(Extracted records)
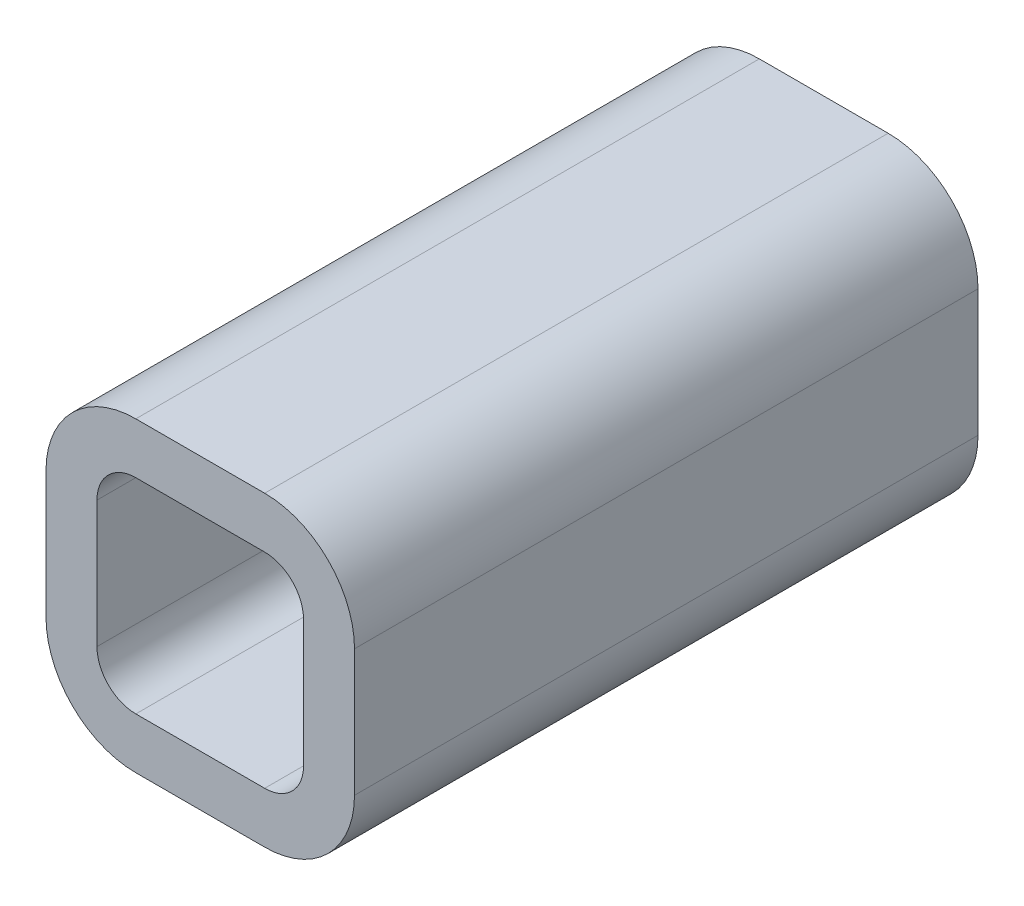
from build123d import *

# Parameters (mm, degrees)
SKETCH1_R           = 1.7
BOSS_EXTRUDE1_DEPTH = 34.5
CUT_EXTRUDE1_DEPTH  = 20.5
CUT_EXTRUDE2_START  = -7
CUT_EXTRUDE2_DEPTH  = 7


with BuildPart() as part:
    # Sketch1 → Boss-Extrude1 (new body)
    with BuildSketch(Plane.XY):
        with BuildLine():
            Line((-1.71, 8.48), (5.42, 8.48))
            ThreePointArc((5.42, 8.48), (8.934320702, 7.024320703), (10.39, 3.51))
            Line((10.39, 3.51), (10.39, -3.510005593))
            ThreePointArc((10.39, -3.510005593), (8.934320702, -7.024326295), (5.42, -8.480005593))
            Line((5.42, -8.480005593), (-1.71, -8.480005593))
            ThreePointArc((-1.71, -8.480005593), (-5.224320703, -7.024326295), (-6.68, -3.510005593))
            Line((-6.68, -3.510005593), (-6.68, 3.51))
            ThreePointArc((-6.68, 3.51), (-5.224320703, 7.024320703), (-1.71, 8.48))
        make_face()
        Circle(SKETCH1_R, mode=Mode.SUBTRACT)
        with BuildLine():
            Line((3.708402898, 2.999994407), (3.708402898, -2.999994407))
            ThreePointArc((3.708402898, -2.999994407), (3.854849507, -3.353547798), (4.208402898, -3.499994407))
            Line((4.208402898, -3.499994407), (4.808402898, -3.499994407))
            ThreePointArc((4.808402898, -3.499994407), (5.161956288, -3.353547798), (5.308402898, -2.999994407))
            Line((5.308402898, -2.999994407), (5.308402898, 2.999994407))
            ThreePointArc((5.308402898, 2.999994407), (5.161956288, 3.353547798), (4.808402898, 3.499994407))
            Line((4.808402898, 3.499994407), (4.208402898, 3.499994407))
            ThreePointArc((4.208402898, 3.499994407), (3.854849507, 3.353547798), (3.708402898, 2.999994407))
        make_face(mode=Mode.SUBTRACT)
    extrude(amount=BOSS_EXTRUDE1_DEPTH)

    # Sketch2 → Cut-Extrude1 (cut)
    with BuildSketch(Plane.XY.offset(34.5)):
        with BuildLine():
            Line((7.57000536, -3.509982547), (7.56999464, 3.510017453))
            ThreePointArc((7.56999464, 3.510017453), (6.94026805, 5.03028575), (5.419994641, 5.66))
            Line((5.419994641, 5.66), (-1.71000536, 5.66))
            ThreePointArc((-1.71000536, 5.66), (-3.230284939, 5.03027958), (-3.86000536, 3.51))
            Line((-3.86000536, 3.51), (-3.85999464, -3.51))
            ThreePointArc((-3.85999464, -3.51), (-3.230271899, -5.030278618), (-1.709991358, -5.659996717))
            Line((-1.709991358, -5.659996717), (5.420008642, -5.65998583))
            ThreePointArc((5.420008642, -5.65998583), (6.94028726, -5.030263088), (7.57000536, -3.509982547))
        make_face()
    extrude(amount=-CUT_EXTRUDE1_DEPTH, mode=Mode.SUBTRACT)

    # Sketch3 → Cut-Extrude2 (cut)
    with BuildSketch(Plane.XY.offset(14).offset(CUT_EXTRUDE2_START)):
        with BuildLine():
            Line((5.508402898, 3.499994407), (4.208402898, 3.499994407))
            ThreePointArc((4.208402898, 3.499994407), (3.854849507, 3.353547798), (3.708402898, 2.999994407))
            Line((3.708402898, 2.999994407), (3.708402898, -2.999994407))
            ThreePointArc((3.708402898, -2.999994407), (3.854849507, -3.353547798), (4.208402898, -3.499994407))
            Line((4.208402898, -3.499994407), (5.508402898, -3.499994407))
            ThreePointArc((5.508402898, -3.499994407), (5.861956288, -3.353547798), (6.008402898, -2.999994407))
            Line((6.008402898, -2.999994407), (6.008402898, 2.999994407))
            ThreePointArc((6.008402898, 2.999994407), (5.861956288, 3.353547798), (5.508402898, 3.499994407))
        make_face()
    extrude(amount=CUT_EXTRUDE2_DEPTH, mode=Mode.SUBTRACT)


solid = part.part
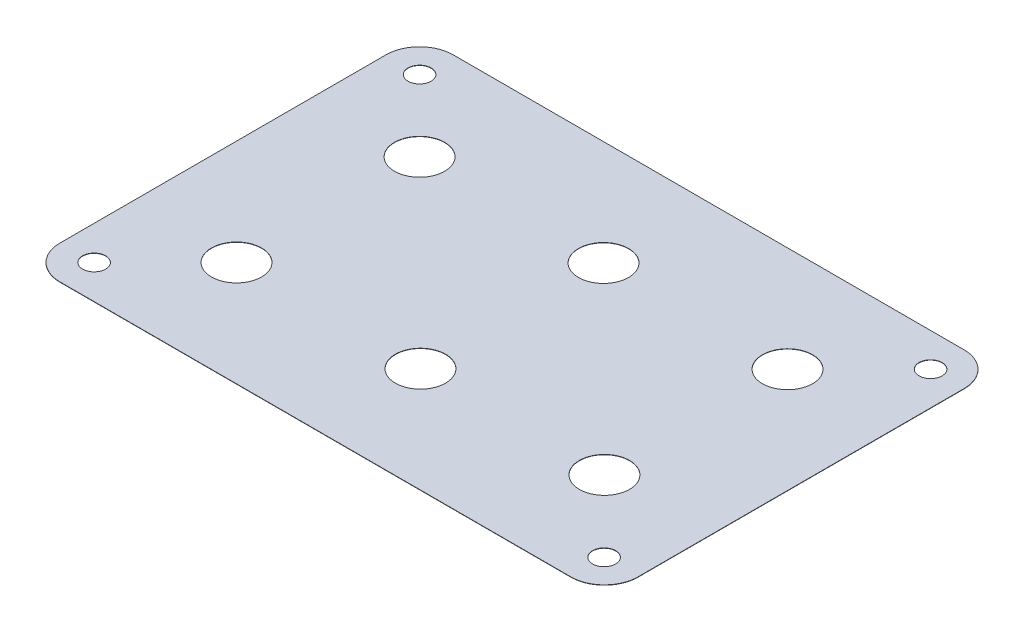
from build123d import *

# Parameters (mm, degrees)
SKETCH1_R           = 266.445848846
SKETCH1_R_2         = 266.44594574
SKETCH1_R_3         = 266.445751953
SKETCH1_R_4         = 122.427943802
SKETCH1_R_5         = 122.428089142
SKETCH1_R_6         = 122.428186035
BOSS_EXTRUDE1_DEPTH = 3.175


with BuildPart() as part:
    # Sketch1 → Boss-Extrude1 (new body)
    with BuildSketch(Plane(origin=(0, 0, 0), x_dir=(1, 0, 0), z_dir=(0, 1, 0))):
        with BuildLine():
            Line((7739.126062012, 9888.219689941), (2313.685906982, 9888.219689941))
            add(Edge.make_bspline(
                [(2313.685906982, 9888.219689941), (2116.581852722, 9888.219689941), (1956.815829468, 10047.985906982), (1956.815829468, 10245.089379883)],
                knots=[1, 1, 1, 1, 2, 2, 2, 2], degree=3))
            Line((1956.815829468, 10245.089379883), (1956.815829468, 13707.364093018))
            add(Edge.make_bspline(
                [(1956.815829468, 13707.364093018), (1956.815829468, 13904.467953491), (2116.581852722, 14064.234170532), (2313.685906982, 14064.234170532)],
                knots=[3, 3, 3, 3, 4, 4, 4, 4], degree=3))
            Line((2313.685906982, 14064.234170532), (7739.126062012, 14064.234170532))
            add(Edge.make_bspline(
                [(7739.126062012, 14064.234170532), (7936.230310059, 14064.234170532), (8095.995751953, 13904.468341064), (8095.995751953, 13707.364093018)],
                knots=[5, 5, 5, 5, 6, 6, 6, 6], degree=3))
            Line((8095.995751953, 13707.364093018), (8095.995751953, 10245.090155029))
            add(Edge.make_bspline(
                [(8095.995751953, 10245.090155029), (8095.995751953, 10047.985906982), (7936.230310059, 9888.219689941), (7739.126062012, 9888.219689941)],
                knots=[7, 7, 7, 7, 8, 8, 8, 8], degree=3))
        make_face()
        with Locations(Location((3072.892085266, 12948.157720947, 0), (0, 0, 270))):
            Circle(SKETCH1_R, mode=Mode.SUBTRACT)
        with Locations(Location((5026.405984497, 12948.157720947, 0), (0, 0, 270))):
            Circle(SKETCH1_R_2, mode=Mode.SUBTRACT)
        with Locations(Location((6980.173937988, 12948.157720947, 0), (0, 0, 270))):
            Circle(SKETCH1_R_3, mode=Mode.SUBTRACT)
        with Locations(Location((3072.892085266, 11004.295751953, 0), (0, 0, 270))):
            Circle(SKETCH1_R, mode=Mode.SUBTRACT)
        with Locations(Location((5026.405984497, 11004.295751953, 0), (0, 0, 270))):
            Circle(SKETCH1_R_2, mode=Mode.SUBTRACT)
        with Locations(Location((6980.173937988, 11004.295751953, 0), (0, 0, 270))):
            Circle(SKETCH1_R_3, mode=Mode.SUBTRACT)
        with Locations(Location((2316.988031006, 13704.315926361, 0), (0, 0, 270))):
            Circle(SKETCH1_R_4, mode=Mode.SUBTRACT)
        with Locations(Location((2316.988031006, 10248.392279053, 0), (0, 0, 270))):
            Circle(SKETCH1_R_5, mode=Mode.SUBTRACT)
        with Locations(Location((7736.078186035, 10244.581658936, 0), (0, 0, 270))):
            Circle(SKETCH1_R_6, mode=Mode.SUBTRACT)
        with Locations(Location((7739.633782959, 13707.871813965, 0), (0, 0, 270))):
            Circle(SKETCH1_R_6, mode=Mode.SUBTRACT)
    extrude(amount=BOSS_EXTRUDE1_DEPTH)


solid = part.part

# TASK DETAILS:
Pictures should be left out when the records above are restated exactly.

# REPLY TO THE TASK:
from build123d import *

# Parameters (mm, degrees)
SKETCH1_R           = 1.7
BOSS_EXTRUDE1_DEPTH = 34.5
CUT_EXTRUDE1_DEPTH  = 20.5
CUT_EXTRUDE2_START  = -7
CUT_EXTRUDE2_DEPTH  = 7


with BuildPart() as part:
    # Sketch1 → Boss-Extrude1 (new body)
    with BuildSketch(Plane.XY):
        with BuildLine():
            Line((-1.71, 8.48), (5.42, 8.48))
            ThreePointArc((5.42, 8.48), (8.934320702, 7.024320703), (10.39, 3.51))
            Line((10.39, 3.51), (10.39, -3.510005593))
            ThreePointArc((10.39, -3.510005593), (8.934320702, -7.024326295), (5.42, -8.480005593))
            Line((5.42, -8.480005593), (-1.71, -8.480005593))
            ThreePointArc((-1.71, -8.480005593), (-5.224320703, -7.024326295), (-6.68, -3.510005593))
            Line((-6.68, -3.510005593), (-6.68, 3.51))
            ThreePointArc((-6.68, 3.51), (-5.224320703, 7.024320703), (-1.71, 8.48))
        make_face()
        Circle(SKETCH1_R, mode=Mode.SUBTRACT)
        with BuildLine():
            Line((3.708402898, 2.999994407), (3.708402898, -2.999994407))
            ThreePointArc((3.708402898, -2.999994407), (3.854849507, -3.353547798), (4.208402898, -3.499994407))
            Line((4.208402898, -3.499994407), (4.808402898, -3.499994407))
            ThreePointArc((4.808402898, -3.499994407), (5.161956288, -3.353547798), (5.308402898, -2.999994407))
            Line((5.308402898, -2.999994407), (5.308402898, 2.999994407))
            ThreePointArc((5.308402898, 2.999994407), (5.161956288, 3.353547798), (4.808402898, 3.499994407))
            Line((4.808402898, 3.499994407), (4.208402898, 3.499994407))
            ThreePointArc((4.208402898, 3.499994407), (3.854849507, 3.353547798), (3.708402898, 2.999994407))
        make_face(mode=Mode.SUBTRACT)
    extrude(amount=BOSS_EXTRUDE1_DEPTH)

    # Sketch2 → Cut-Extrude1 (cut)
    with BuildSketch(Plane.XY.offset(34.5)):
        with BuildLine():
            Line((7.57000536, -3.509982547), (7.56999464, 3.510017453))
            ThreePointArc((7.56999464, 3.510017453), (6.94026805, 5.03028575), (5.419994641, 5.66))
            Line((5.419994641, 5.66), (-1.71000536, 5.66))
            ThreePointArc((-1.71000536, 5.66), (-3.230284939, 5.03027958), (-3.86000536, 3.51))
            Line((-3.86000536, 3.51), (-3.85999464, -3.51))
            ThreePointArc((-3.85999464, -3.51), (-3.230271899, -5.030278618), (-1.709991358, -5.659996717))
            Line((-1.709991358, -5.659996717), (5.420008642, -5.65998583))
            ThreePointArc((5.420008642, -5.65998583), (6.94028726, -5.030263088), (7.57000536, -3.509982547))
        make_face()
    extrude(amount=-CUT_EXTRUDE1_DEPTH, mode=Mode.SUBTRACT)

    # Sketch3 → Cut-Extrude2 (cut)
    with BuildSketch(Plane.XY.offset(14).offset(CUT_EXTRUDE2_START)):
        with BuildLine():
            Line((5.508402898, 3.499994407), (4.208402898, 3.499994407))
            ThreePointArc((4.208402898, 3.499994407), (3.854849507, 3.353547798), (3.708402898, 2.999994407))
            Line((3.708402898, 2.999994407), (3.708402898, -2.999994407))
            ThreePointArc((3.708402898, -2.999994407), (3.854849507, -3.353547798), (4.208402898, -3.499994407))
            Line((4.208402898, -3.499994407), (5.508402898, -3.499994407))
            ThreePointArc((5.508402898, -3.499994407), (5.861956288, -3.353547798), (6.008402898, -2.999994407))
            Line((6.008402898, -2.999994407), (6.008402898, 2.999994407))
            ThreePointArc((6.008402898, 2.999994407), (5.861956288, 3.353547798), (5.508402898, 3.499994407))
        make_face()
    extrude(amount=CUT_EXTRUDE2_DEPTH, mode=Mode.SUBTRACT)


solid = part.part
from build123d import *

# Parameters (mm, degrees)
SKETCH1_R           = 266.445848846
SKETCH1_R_2         = 266.44594574
SKETCH1_R_3         = 266.445751953
SKETCH1_R_4         = 122.427943802
SKETCH1_R_5         = 122.428089142
SKETCH1_R_6         = 122.428186035
BOSS_EXTRUDE1_DEPTH = 3.175


with BuildPart() as part:
    # Sketch1 → Boss-Extrude1 (new body)
    with BuildSketch(Plane(origin=(0, 0, 0), x_dir=(1, 0, 0), z_dir=(0, 1, 0))):
        with BuildLine():
            Line((7739.126062012, 9888.219689941), (2313.685906982, 9888.219689941))
            add(Edge.make_bspline(
                [(2313.685906982, 9888.219689941), (2116.581852722, 9888.219689941), (1956.815829468, 10047.985906982), (1956.815829468, 10245.089379883)],
                knots=[1, 1, 1, 1, 2, 2, 2, 2], degree=3))
            Line((1956.815829468, 10245.089379883), (1956.815829468, 13707.364093018))
            add(Edge.make_bspline(
                [(1956.815829468, 13707.364093018), (1956.815829468, 13904.467953491), (2116.581852722, 14064.234170532), (2313.685906982, 14064.234170532)],
                knots=[3, 3, 3, 3, 4, 4, 4, 4], degree=3))
            Line((2313.685906982, 14064.234170532), (7739.126062012, 14064.234170532))
            add(Edge.make_bspline(
                [(7739.126062012, 14064.234170532), (7936.230310059, 14064.234170532), (8095.995751953, 13904.468341064), (8095.995751953, 13707.364093018)],
                knots=[5, 5, 5, 5, 6, 6, 6, 6], degree=3))
            Line((8095.995751953, 13707.364093018), (8095.995751953, 10245.090155029))
            add(Edge.make_bspline(
                [(8095.995751953, 10245.090155029), (8095.995751953, 10047.985906982), (7936.230310059, 9888.219689941), (7739.126062012, 9888.219689941)],
                knots=[7, 7, 7, 7, 8, 8, 8, 8], degree=3))
        make_face()
        with Locations(Location((3072.892085266, 12948.157720947, 0), (0, 0, 270))):
            Circle(SKETCH1_R, mode=Mode.SUBTRACT)
        with Locations(Location((5026.405984497, 12948.157720947, 0), (0, 0, 270))):
            Circle(SKETCH1_R_2, mode=Mode.SUBTRACT)
        with Locations(Location((6980.173937988, 12948.157720947, 0), (0, 0, 270))):
            Circle(SKETCH1_R_3, mode=Mode.SUBTRACT)
        with Locations(Location((3072.892085266, 11004.295751953, 0), (0, 0, 270))):
            Circle(SKETCH1_R, mode=Mode.SUBTRACT)
        with Locations(Location((5026.405984497, 11004.295751953, 0), (0, 0, 270))):
            Circle(SKETCH1_R_2, mode=Mode.SUBTRACT)
        with Locations(Location((6980.173937988, 11004.295751953, 0), (0, 0, 270))):
            Circle(SKETCH1_R_3, mode=Mode.SUBTRACT)
        with Locations(Location((2316.988031006, 13704.315926361, 0), (0, 0, 270))):
            Circle(SKETCH1_R_4, mode=Mode.SUBTRACT)
        with Locations(Location((2316.988031006, 10248.392279053, 0), (0, 0, 270))):
            Circle(SKETCH1_R_5, mode=Mode.SUBTRACT)
        with Locations(Location((7736.078186035, 10244.581658936, 0), (0, 0, 270))):
            Circle(SKETCH1_R_6, mode=Mode.SUBTRACT)
        with Locations(Location((7739.633782959, 13707.871813965, 0), (0, 0, 270))):
            Circle(SKETCH1_R_6, mode=Mode.SUBTRACT)
    extrude(amount=BOSS_EXTRUDE1_DEPTH)


solid = part.part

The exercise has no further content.